**TASK**
The expected answer is the set of lines in the data below between the line holding "#144=CIRCLE('',#143,31.);" and the line holding "#176=ORIENTED_EDGE('',*,*,#175,.T.);", inclusive, written out exactly.

[Entries taken from a collection]
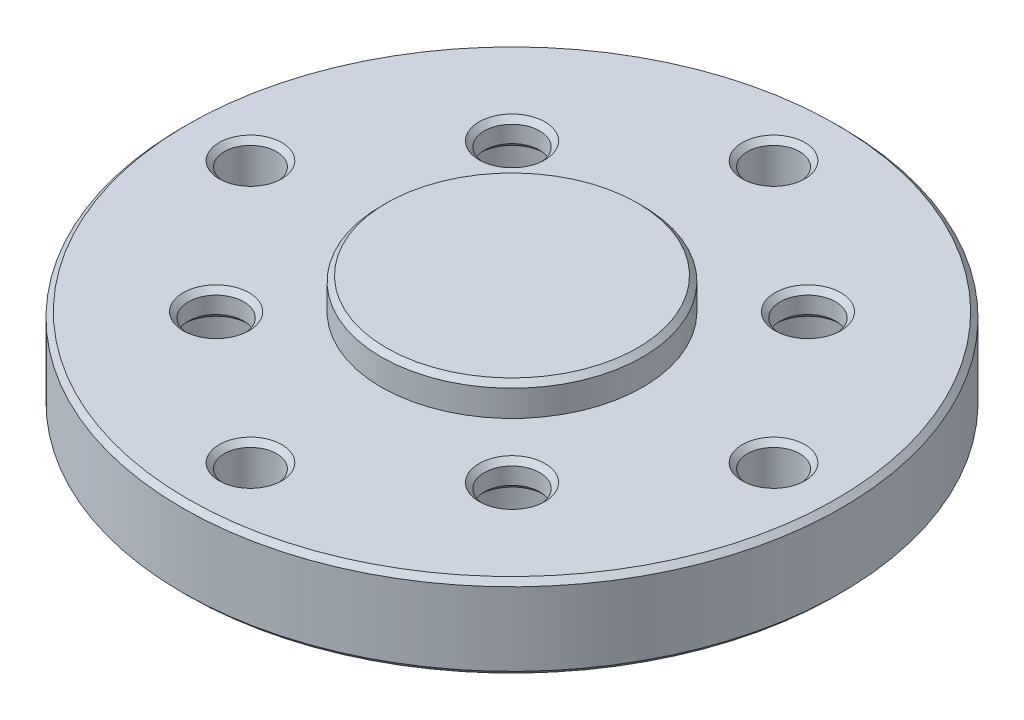
ISO-10303-21;
HEADER;
FILE_DESCRIPTION(('STEP AP214'),'2;1');
FILE_NAME('part.step','',(''),(''),'','','');
FILE_SCHEMA(('AUTOMOTIVE_DESIGN { 1 0 10303 214 1 1 1 1 }'));
ENDSEC;
DATA;
#1=APPLICATION_CONTEXT('core data for automotive mechanical design processes');
#2=APPLICATION_PROTOCOL_DEFINITION('international standard','automotive_design',2000,#1);
#3=PRODUCT_CONTEXT('',#1,'mechanical');
#4=PRODUCT('Part','Part','',(#3));
#5=PRODUCT_RELATED_PRODUCT_CATEGORY('part','',(#4));
#6=PRODUCT_DEFINITION_FORMATION('','',#4);
#7=PRODUCT_DEFINITION_CONTEXT('part definition',#1,'design');
#8=PRODUCT_DEFINITION('design','',#6,#7);
#9=PRODUCT_DEFINITION_SHAPE('','',#8);
#10=(LENGTH_UNIT() NAMED_UNIT(*) SI_UNIT(.MILLI.,.METRE.));
#11=(NAMED_UNIT(*) PLANE_ANGLE_UNIT() SI_UNIT($,.RADIAN.));
#12=(NAMED_UNIT(*) SI_UNIT($,.STERADIAN.) SOLID_ANGLE_UNIT());
#13=UNCERTAINTY_MEASURE_WITH_UNIT(LENGTH_MEASURE(1.E-05),#10,'distance_accuracy_value','');
#14=(GEOMETRIC_REPRESENTATION_CONTEXT(3) GLOBAL_UNCERTAINTY_ASSIGNED_CONTEXT((#13)) GLOBAL_UNIT_ASSIGNED_CONTEXT((#10,
#11,#12)) REPRESENTATION_CONTEXT('',''));
#15=CARTESIAN_POINT('',(0.,0.,0.));
#16=DIRECTION('',(0.,0.,1.));
#17=DIRECTION('',(1.,0.,0.));
#18=AXIS2_PLACEMENT_3D('',#15,#16,#17);
#19=CARTESIAN_POINT('',(0.,8.,0.));
#20=DIRECTION('',(0.,-1.,0.));
#21=DIRECTION('',(0.,0.,-1.));
#22=AXIS2_PLACEMENT_3D('',#19,#20,#21);
#23=CYLINDRICAL_SURFACE('',#22,31.5);
#24=CARTESIAN_POINT('',(0.,0.5,0.));
#25=DIRECTION('',(0.,1.,0.));
#26=DIRECTION('',(0.,0.,1.));
#27=AXIS2_PLACEMENT_3D('',#24,#25,#26);
#28=CIRCLE('',#27,31.5);
#29=CARTESIAN_POINT('',(0.,0.5,31.5));
#30=VERTEX_POINT('',#29);
#31=EDGE_CURVE('E43',#30,#30,#28,.T.);
#32=ORIENTED_EDGE('',*,*,#31,.T.);
#33=EDGE_LOOP('',(#32));
#34=FACE_BOUND('',#33,.T.);
#35=CARTESIAN_POINT('',(0.,7.50000000000003,0.));
#36=DIRECTION('',(0.,1.,0.));
#37=DIRECTION('',(0.,0.,1.));
#38=AXIS2_PLACEMENT_3D('',#35,#36,#37);
#39=CIRCLE('',#38,31.5);
#40=CARTESIAN_POINT('',(0.,7.50000000000003,31.5));
#41=VERTEX_POINT('',#40);
#42=EDGE_CURVE('E47',#41,#41,#39,.F.);
#43=ORIENTED_EDGE('',*,*,#42,.T.);
#44=EDGE_LOOP('',(#43));
#45=FACE_BOUND('',#44,.T.);
#46=ADVANCED_FACE('F32',(#34,#45),#23,.T.);
#47=CARTESIAN_POINT('',(0.,8.,0.));
#48=DIRECTION('',(0.,1.,0.));
#49=DIRECTION('',(0.,0.,1.));
#50=AXIS2_PLACEMENT_3D('',#47,#48,#49);
#51=PLANE('',#50);
#52=CARTESIAN_POINT('',(14.1421356237309,8.,14.142135623731));
#53=DIRECTION('',(0.,1.,0.));
#54=DIRECTION('',(0.,0.,1.));
#55=AXIS2_PLACEMENT_3D('',#52,#53,#54);
#56=CIRCLE('',#55,3.15000000000003);
#57=CARTESIAN_POINT('',(14.1421356237309,8.,17.292135623731));
#58=VERTEX_POINT('',#57);
#59=EDGE_CURVE('E145',#58,#58,#56,.F.);
#60=ORIENTED_EDGE('',*,*,#59,.T.);
#61=EDGE_LOOP('',(#60));
#62=FACE_BOUND('',#61,.T.);
#63=CARTESIAN_POINT('',(-14.1421356237309,8.,-14.1421356237309));
#64=DIRECTION('',(0.,1.,0.));
#65=DIRECTION('',(0.,0.,1.));
#66=AXIS2_PLACEMENT_3D('',#63,#64,#65);
#67=CIRCLE('',#66,3.15000000000003);
#68=CARTESIAN_POINT('',(-14.1421356237309,8.,-10.9921356237309));
#69=VERTEX_POINT('',#68);
#70=EDGE_CURVE('E148',#69,#69,#67,.F.);
#71=ORIENTED_EDGE('',*,*,#70,.T.);
#72=EDGE_LOOP('',(#71));
#73=FACE_BOUND('',#72,.T.);
#74=CARTESIAN_POINT('',(-14.1421356237309,8.,14.1421356237309));
#75=DIRECTION('',(0.,1.,0.));
#76=DIRECTION('',(0.,0.,1.));
#77=AXIS2_PLACEMENT_3D('',#74,#75,#76);
#78=CIRCLE('',#77,3.15000000000003);
#79=CARTESIAN_POINT('',(-14.1421356237309,8.,17.292135623731));
#80=VERTEX_POINT('',#79);
#81=EDGE_CURVE('E151',#80,#80,#78,.F.);
#82=ORIENTED_EDGE('',*,*,#81,.T.);
#83=EDGE_LOOP('',(#82));
#84=FACE_BOUND('',#83,.T.);
#85=CARTESIAN_POINT('',(14.1421356237309,8.,-14.1421356237309));
#86=DIRECTION('',(0.,1.,0.));
#87=DIRECTION('',(0.,0.,1.));
#88=AXIS2_PLACEMENT_3D('',#85,#86,#87);
#89=CIRCLE('',#88,3.15000000000003);
#90=CARTESIAN_POINT('',(14.1421356237309,8.,-10.9921356237309));
#91=VERTEX_POINT('',#90);
#92=EDGE_CURVE('E154',#91,#91,#89,.F.);
#93=ORIENTED_EDGE('',*,*,#92,.T.);
#94=EDGE_LOOP('',(#93));
#95=FACE_BOUND('',#94,.T.);
#96=CARTESIAN_POINT('',(0.,8.,25.));
#97=DIRECTION('',(0.,1.,0.));
#98=DIRECTION('',(0.,0.,1.));
#99=AXIS2_PLACEMENT_3D('',#96,#97,#98);
#100=CIRCLE('',#99,3.00000000000003);
#101=CARTESIAN_POINT('',(0.,8.,28.));
#102=VERTEX_POINT('',#101);
#103=EDGE_CURVE('E157',#102,#102,#100,.F.);
#104=ORIENTED_EDGE('',*,*,#103,.T.);
#105=EDGE_LOOP('',(#104));
#106=FACE_BOUND('',#105,.T.);
#107=CARTESIAN_POINT('',(25.,8.,0.));
#108=DIRECTION('',(0.,1.,0.));
#109=DIRECTION('',(0.,0.,1.));
#110=AXIS2_PLACEMENT_3D('',#107,#108,#109);
#111=CIRCLE('',#110,3.00000000000003);
#112=CARTESIAN_POINT('',(25.,8.,3.00000000000003));
#113=VERTEX_POINT('',#112);
#114=EDGE_CURVE('E160',#113,#113,#111,.F.);
#115=ORIENTED_EDGE('',*,*,#114,.T.);
#116=EDGE_LOOP('',(#115));
#117=FACE_BOUND('',#116,.T.);
#118=CARTESIAN_POINT('',(0.,8.,-25.));
#119=DIRECTION('',(0.,1.,0.));
#120=DIRECTION('',(0.,0.,1.));
#121=AXIS2_PLACEMENT_3D('',#118,#119,#120);
#122=CIRCLE('',#121,3.00000000000003);
#123=CARTESIAN_POINT('',(0.,8.,-22.));
#124=VERTEX_POINT('',#123);
#125=EDGE_CURVE('E163',#124,#124,#122,.F.);
#126=ORIENTED_EDGE('',*,*,#125,.T.);
#127=EDGE_LOOP('',(#126));
#128=FACE_BOUND('',#127,.T.);
#129=CARTESIAN_POINT('',(-25.,8.,0.));
#130=DIRECTION('',(0.,1.,0.));
#131=DIRECTION('',(0.,0.,1.));
#132=AXIS2_PLACEMENT_3D('',#129,#130,#131);
#133=CIRCLE('',#132,3.00000000000002);
#134=CARTESIAN_POINT('',(-25.,8.,3.00000000000002));
#135=VERTEX_POINT('',#134);
#136=EDGE_CURVE('E166',#135,#135,#133,.F.);
#137=ORIENTED_EDGE('',*,*,#136,.T.);
#138=EDGE_LOOP('',(#137));
#139=FACE_BOUND('',#138,.T.);
#140=CARTESIAN_POINT('',(0.,8.,0.));
#141=DIRECTION('',(0.,1.,0.));
#142=DIRECTION('',(0.,0.,1.));
#143=AXIS2_PLACEMENT_3D('',#140,#141,#142);
#144=CIRCLE('',#143,31.);
#145=CARTESIAN_POINT('',(0.,8.,31.));
#146=VERTEX_POINT('',#145);
#147=EDGE_CURVE('E169',#146,#146,#144,.T.);
#148=ORIENTED_EDGE('',*,*,#147,.T.);
#149=EDGE_LOOP('',(#148));
#150=FACE_BOUND('',#149,.T.);
#151=CARTESIAN_POINT('',(0.,8.,0.));
#152=DIRECTION('',(0.,1.,0.));
#153=DIRECTION('',(0.,0.,1.));
#154=AXIS2_PLACEMENT_3D('',#151,#152,#153);
#155=CIRCLE('',#154,12.5);
#156=CARTESIAN_POINT('',(0.,8.,12.5));
#157=VERTEX_POINT('',#156);
#158=EDGE_CURVE('E178',#157,#157,#155,.T.);
#159=ORIENTED_EDGE('',*,*,#158,.F.);
#160=EDGE_LOOP('',(#159));
#161=FACE_BOUND('',#160,.T.);
#162=ADVANCED_FACE('F212',(#62,#73,#84,#95,#106,#117,#128,#139,#150,#161),#51,.T.);
#163=CARTESIAN_POINT('',(0.,0.,0.));
#164=DIRECTION('',(0.,1.,0.));
#165=DIRECTION('',(0.,0.,1.));
#166=AXIS2_PLACEMENT_3D('',#163,#164,#165);
#167=PLANE('',#166);
#168=CARTESIAN_POINT('',(25.,0.,0.));
#169=DIRECTION('',(0.,1.,0.));
#170=DIRECTION('',(0.,0.,1.));
#171=AXIS2_PLACEMENT_3D('',#168,#169,#170);
#172=CIRCLE('',#171,3.);
#173=CARTESIAN_POINT('',(25.,0.,3.));
#174=VERTEX_POINT('',#173);
#175=EDGE_CURVE('E88',#174,#174,#172,.T.);
#176=ORIENTED_EDGE('',*,*,#175,.T.);
#177=EDGE_LOOP('',(#176));
#178=FACE_BOUND('',#177,.T.);
#179=CARTESIAN_POINT('',(0.,0.,25.));
#180=DIRECTION('',(0.,1.,0.));
#181=DIRECTION('',(0.,0.,1.));
#182=AXIS2_PLACEMENT_3D('',#179,#180,#181);
#183=CIRCLE('',#182,3.);
#184=CARTESIAN_POINT('',(0.,0.,28.));
#185=VERTEX_POINT('',#184);
#186=EDGE_CURVE('E91',#185,#185,#183,.T.);
#187=ORIENTED_EDGE('',*,*,#186,.T.);
#188=EDGE_LOOP('',(#187));
#189=FACE_BOUND('',#188,.T.);
#190=CARTESIAN_POINT('',(-25.,0.,0.));
#191=DIRECTION('',(0.,1.,0.));
#192=DIRECTION('',(0.,0.,1.));
#193=AXIS2_PLACEMENT_3D('',#190,#191,#192);
#194=CIRCLE('',#193,3.);
#195=CARTESIAN_POINT('',(-25.,0.,3.00000000000001));
#196=VERTEX_POINT('',#195);
#197=EDGE_CURVE('E94',#196,#196,#194,.T.);
#198=ORIENTED_EDGE('',*,*,#197,.T.);
#199=EDGE_LOOP('',(#198));
#200=FACE_BOUND('',#199,.T.);
#201=CARTESIAN_POINT('',(0.,0.,-25.));
#202=DIRECTION('',(0.,1.,0.));
#203=DIRECTION('',(0.,0.,1.));
#204=AXIS2_PLACEMENT_3D('',#201,#202,#203);
#205=CIRCLE('',#204,3.);
#206=CARTESIAN_POINT('',(0.,0.,-22.));
#207=VERTEX_POINT('',#206);
#208=EDGE_CURVE('E97',#207,#207,#205,.T.);
#209=ORIENTED_EDGE('',*,*,#208,.T.);
#210=EDGE_LOOP('',(#209));
#211=FACE_BOUND('',#210,.T.);
#212=CARTESIAN_POINT('',(-14.1421356237309,0.,-14.1421356237309));
#213=DIRECTION('',(0.,1.,0.));
#214=DIRECTION('',(0.,0.,1.));
#215=AXIS2_PLACEMENT_3D('',#212,#213,#214);
#216=CIRCLE('',#215,5.50000000000002);
#217=CARTESIAN_POINT('',(-14.1421356237309,0.,-8.64213562373093));
#218=VERTEX_POINT('',#217);
#219=EDGE_CURVE('E100',#218,#218,#216,.T.);
#220=ORIENTED_EDGE('',*,*,#219,.T.);
#221=EDGE_LOOP('',(#220));
#222=FACE_BOUND('',#221,.T.);
#223=CARTESIAN_POINT('',(14.1421356237309,0.,-14.1421356237309));
#224=DIRECTION('',(0.,1.,0.));
#225=DIRECTION('',(0.,0.,1.));
#226=AXIS2_PLACEMENT_3D('',#223,#224,#225);
#227=CIRCLE('',#226,5.50000000000002);
#228=CARTESIAN_POINT('',(14.1421356237309,0.,-8.64213562373093));
#229=VERTEX_POINT('',#228);
#230=EDGE_CURVE('E103',#229,#229,#227,.T.);
#231=ORIENTED_EDGE('',*,*,#230,.T.);
#232=EDGE_LOOP('',(#231));
#233=FACE_BOUND('',#232,.T.);
#234=CARTESIAN_POINT('',(14.1421356237309,0.,14.142135623731));
#235=DIRECTION('',(0.,1.,0.));
#236=DIRECTION('',(0.,0.,1.));
#237=AXIS2_PLACEMENT_3D('',#234,#235,#236);
#238=CIRCLE('',#237,5.49999999999998);
#239=CARTESIAN_POINT('',(14.1421356237309,0.,19.6421356237309));
#240=VERTEX_POINT('',#239);
#241=EDGE_CURVE('E106',#240,#240,#238,.T.);
#242=ORIENTED_EDGE('',*,*,#241,.T.);
#243=EDGE_LOOP('',(#242));
#244=FACE_BOUND('',#243,.T.);
#245=CARTESIAN_POINT('',(-14.1421356237309,0.,14.1421356237309));
#246=DIRECTION('',(0.,1.,0.));
#247=DIRECTION('',(0.,0.,1.));
#248=AXIS2_PLACEMENT_3D('',#245,#246,#247);
#249=CIRCLE('',#248,5.50000000000002);
#250=CARTESIAN_POINT('',(-14.1421356237309,0.,19.642135623731));
#251=VERTEX_POINT('',#250);
#252=EDGE_CURVE('E109',#251,#251,#249,.T.);
#253=ORIENTED_EDGE('',*,*,#252,.T.);
#254=EDGE_LOOP('',(#253));
#255=FACE_BOUND('',#254,.T.);
#256=CARTESIAN_POINT('',(0.,0.,0.));
#257=DIRECTION('',(0.,1.,0.));
#258=DIRECTION('',(0.,0.,1.));
#259=AXIS2_PLACEMENT_3D('',#256,#257,#258);
#260=CIRCLE('',#259,31.);
#261=CARTESIAN_POINT('',(0.,0.,31.));
#262=VERTEX_POINT('',#261);
#263=EDGE_CURVE('E112',#262,#262,#260,.F.);
#264=ORIENTED_EDGE('',*,*,#263,.T.);
#265=EDGE_LOOP('',(#264));
#266=FACE_BOUND('',#265,.T.);
#267=ADVANCED_FACE('F218',(#178,#189,#200,#211,#222,#233,#244,#255,#266),#167,.F.);
#268=CARTESIAN_POINT('',(0.,11.,0.));
#269=DIRECTION('',(0.,-1.,0.));
#270=DIRECTION('',(0.,0.,-1.));
#271=AXIS2_PLACEMENT_3D('',#268,#269,#270);
#272=CYLINDRICAL_SURFACE('',#271,12.5);
#273=CARTESIAN_POINT('',(0.,10.5,0.));
#274=DIRECTION('',(0.,1.,0.));
#275=DIRECTION('',(0.,0.,1.));
#276=AXIS2_PLACEMENT_3D('',#273,#274,#275);
#277=CIRCLE('',#276,12.5);
#278=CARTESIAN_POINT('',(0.,10.5,12.5));
#279=VERTEX_POINT('',#278);
#280=EDGE_CURVE('E10',#279,#279,#277,.F.);
#281=ORIENTED_EDGE('',*,*,#280,.T.);
#282=EDGE_LOOP('',(#281));
#283=FACE_BOUND('',#282,.T.);
#284=ORIENTED_EDGE('',*,*,#158,.T.);
#285=EDGE_LOOP('',(#284));
#286=FACE_BOUND('',#285,.T.);
#287=ADVANCED_FACE('F316',(#283,#286),#272,.T.);
#288=CARTESIAN_POINT('',(0.,11.,0.));
#289=DIRECTION('',(0.,1.,0.));
#290=DIRECTION('',(0.,0.,1.));
#291=AXIS2_PLACEMENT_3D('',#288,#289,#290);
#292=PLANE('',#291);
#293=CARTESIAN_POINT('',(0.,11.,0.));
#294=DIRECTION('',(0.,1.,0.));
#295=DIRECTION('',(0.,0.,1.));
#296=AXIS2_PLACEMENT_3D('',#293,#294,#295);
#297=CIRCLE('',#296,12.);
#298=CARTESIAN_POINT('',(0.,11.,12.));
#299=VERTEX_POINT('',#298);
#300=EDGE_CURVE('E39',#299,#299,#297,.T.);
#301=ORIENTED_EDGE('',*,*,#300,.T.);
#302=EDGE_LOOP('',(#301));
#303=FACE_BOUND('',#302,.T.);
#304=ADVANCED_FACE('F318',(#303),#292,.T.);
#305=CARTESIAN_POINT('',(0.,8.,25.));
#306=DIRECTION('',(0.,1.,0.));
#307=DIRECTION('',(0.,0.,1.));
#308=AXIS2_PLACEMENT_3D('',#305,#306,#307);
#309=CYLINDRICAL_SURFACE('',#308,2.5);
#310=CARTESIAN_POINT('',(0.,0.500000000000013,25.));
#311=DIRECTION('',(0.,1.,0.));
#312=DIRECTION('',(0.,0.,1.));
#313=AXIS2_PLACEMENT_3D('',#310,#311,#312);
#314=CIRCLE('',#313,2.5);
#315=CARTESIAN_POINT('',(0.,0.500000000000013,27.5));
#316=VERTEX_POINT('',#315);
#317=EDGE_CURVE('E76',#316,#316,#314,.F.);
#318=ORIENTED_EDGE('',*,*,#317,.T.);
#319=EDGE_LOOP('',(#318));
#320=FACE_BOUND('',#319,.T.);
#321=CARTESIAN_POINT('',(0.,7.49999999999997,25.));
#322=DIRECTION('',(0.,1.,0.));
#323=DIRECTION('',(0.,0.,1.));
#324=AXIS2_PLACEMENT_3D('',#321,#322,#323);
#325=CIRCLE('',#324,2.5);
#326=CARTESIAN_POINT('',(0.,7.49999999999997,27.5));
#327=VERTEX_POINT('',#326);
#328=EDGE_CURVE('E79',#327,#327,#325,.T.);
#329=ORIENTED_EDGE('',*,*,#328,.T.);
#330=EDGE_LOOP('',(#329));
#331=FACE_BOUND('',#330,.T.);
#332=ADVANCED_FACE('F324',(#320,#331),#309,.F.);
#333=CARTESIAN_POINT('',(25.,8.,0.));
#334=DIRECTION('',(0.,1.,0.));
#335=DIRECTION('',(0.,0.,1.));
#336=AXIS2_PLACEMENT_3D('',#333,#334,#335);
#337=CYLINDRICAL_SURFACE('',#336,2.5);
#338=CARTESIAN_POINT('',(25.,0.500000000000009,0.));
#339=DIRECTION('',(0.,1.,0.));
#340=DIRECTION('',(0.,0.,1.));
#341=AXIS2_PLACEMENT_3D('',#338,#339,#340);
#342=CIRCLE('',#341,2.5);
#343=CARTESIAN_POINT('',(25.,0.500000000000009,2.5));
#344=VERTEX_POINT('',#343);
#345=EDGE_CURVE('E82',#344,#344,#342,.F.);
#346=ORIENTED_EDGE('',*,*,#345,.T.);
#347=EDGE_LOOP('',(#346));
#348=FACE_BOUND('',#347,.T.);
#349=CARTESIAN_POINT('',(25.,7.49999999999997,0.));
#350=DIRECTION('',(0.,1.,0.));
#351=DIRECTION('',(0.,0.,1.));
#352=AXIS2_PLACEMENT_3D('',#349,#350,#351);
#353=CIRCLE('',#352,2.5);
#354=CARTESIAN_POINT('',(25.,7.49999999999997,2.5));
#355=VERTEX_POINT('',#354);
#356=EDGE_CURVE('E85',#355,#355,#353,.T.);
#357=ORIENTED_EDGE('',*,*,#356,.T.);
#358=EDGE_LOOP('',(#357));
#359=FACE_BOUND('',#358,.T.);
#360=ADVANCED_FACE('F330',(#348,#359),#337,.F.);
#361=CARTESIAN_POINT('',(0.,8.,-25.));
#362=DIRECTION('',(0.,1.,0.));
#363=DIRECTION('',(0.,0.,1.));
#364=AXIS2_PLACEMENT_3D('',#361,#362,#363);
#365=CYLINDRICAL_SURFACE('',#364,2.5);
#366=CARTESIAN_POINT('',(0.,0.500000000000013,-25.));
#367=DIRECTION('',(0.,1.,0.));
#368=DIRECTION('',(0.,0.,1.));
#369=AXIS2_PLACEMENT_3D('',#366,#367,#368);
#370=CIRCLE('',#369,2.5);
#371=CARTESIAN_POINT('',(0.,0.500000000000013,-22.5));
#372=VERTEX_POINT('',#371);
#373=EDGE_CURVE('E64',#372,#372,#370,.F.);
#374=ORIENTED_EDGE('',*,*,#373,.T.);
#375=EDGE_LOOP('',(#374));
#376=FACE_BOUND('',#375,.T.);
#377=CARTESIAN_POINT('',(0.,7.49999999999997,-25.));
#378=DIRECTION('',(0.,1.,0.));
#379=DIRECTION('',(0.,0.,1.));
#380=AXIS2_PLACEMENT_3D('',#377,#378,#379);
#381=CIRCLE('',#380,2.5);
#382=CARTESIAN_POINT('',(0.,7.49999999999997,-22.5));
#383=VERTEX_POINT('',#382);
#384=EDGE_CURVE('E67',#383,#383,#381,.T.);
#385=ORIENTED_EDGE('',*,*,#384,.T.);
#386=EDGE_LOOP('',(#385));
#387=FACE_BOUND('',#386,.T.);
#388=ADVANCED_FACE('F334',(#376,#387),#365,.F.);
#389=CARTESIAN_POINT('',(-25.,8.,0.));
#390=DIRECTION('',(0.,1.,0.));
#391=DIRECTION('',(0.,0.,1.));
#392=AXIS2_PLACEMENT_3D('',#389,#390,#391);
#393=CYLINDRICAL_SURFACE('',#392,2.5);
#394=CARTESIAN_POINT('',(-25.,0.500000000000009,0.));
#395=DIRECTION('',(0.,1.,0.));
#396=DIRECTION('',(0.,0.,1.));
#397=AXIS2_PLACEMENT_3D('',#394,#395,#396);
#398=CIRCLE('',#397,2.5);
#399=CARTESIAN_POINT('',(-25.,0.500000000000009,2.5));
#400=VERTEX_POINT('',#399);
#401=EDGE_CURVE('E70',#400,#400,#398,.F.);
#402=ORIENTED_EDGE('',*,*,#401,.T.);
#403=EDGE_LOOP('',(#402));
#404=FACE_BOUND('',#403,.T.);
#405=CARTESIAN_POINT('',(-25.,7.5,0.));
#406=DIRECTION('',(0.,1.,0.));
#407=DIRECTION('',(0.,0.,1.));
#408=AXIS2_PLACEMENT_3D('',#405,#406,#407);
#409=CIRCLE('',#408,2.5);
#410=CARTESIAN_POINT('',(-25.,7.5,2.5));
#411=VERTEX_POINT('',#410);
#412=EDGE_CURVE('E73',#411,#411,#409,.T.);
#413=ORIENTED_EDGE('',*,*,#412,.T.);
#414=EDGE_LOOP('',(#413));
#415=FACE_BOUND('',#414,.T.);
#416=ADVANCED_FACE('F338',(#404,#415),#393,.F.);
#417=CARTESIAN_POINT('',(14.1421356237309,0.,14.142135623731));
#418=DIRECTION('',(0.,-1.,0.));
#419=DIRECTION('',(0.,0.,-1.));
#420=AXIS2_PLACEMENT_3D('',#417,#418,#419);
#421=CYLINDRICAL_SURFACE('',#420,2.65);
#422=CARTESIAN_POINT('',(14.1421356237309,7.49999999999998,14.142135623731));
#423=DIRECTION('',(0.,1.,0.));
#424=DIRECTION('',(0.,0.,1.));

**EXPECTED OUTPUT**
#144=CIRCLE('',#143,31.);
#145=CARTESIAN_POINT('',(0.,8.,31.));
#146=VERTEX_POINT('',#145);
#147=EDGE_CURVE('E169',#146,#146,#144,.T.);
#148=ORIENTED_EDGE('',*,*,#147,.T.);
#149=EDGE_LOOP('',(#148));
#150=FACE_BOUND('',#149,.T.);
#151=CARTESIAN_POINT('',(0.,8.,0.));
#152=DIRECTION('',(0.,1.,0.));
#153=DIRECTION('',(0.,0.,1.));
#154=AXIS2_PLACEMENT_3D('',#151,#152,#153);
#155=CIRCLE('',#154,12.5);
#156=CARTESIAN_POINT('',(0.,8.,12.5));
#157=VERTEX_POINT('',#156);
#158=EDGE_CURVE('E178',#157,#157,#155,.T.);
#159=ORIENTED_EDGE('',*,*,#158,.F.);
#160=EDGE_LOOP('',(#159));
#161=FACE_BOUND('',#160,.T.);
#162=ADVANCED_FACE('F212',(#62,#73,#84,#95,#106,#117,#128,#139,#150,#161),#51,.T.);
#163=CARTESIAN_POINT('',(0.,0.,0.));
#164=DIRECTION('',(0.,1.,0.));
#165=DIRECTION('',(0.,0.,1.));
#166=AXIS2_PLACEMENT_3D('',#163,#164,#165);
#167=PLANE('',#166);
#168=CARTESIAN_POINT('',(25.,0.,0.));
#169=DIRECTION('',(0.,1.,0.));
#170=DIRECTION('',(0.,0.,1.));
#171=AXIS2_PLACEMENT_3D('',#168,#169,#170);
#172=CIRCLE('',#171,3.);
#173=CARTESIAN_POINT('',(25.,0.,3.));
#174=VERTEX_POINT('',#173);
#175=EDGE_CURVE('E88',#174,#174,#172,.T.);
#176=ORIENTED_EDGE('',*,*,#175,.T.);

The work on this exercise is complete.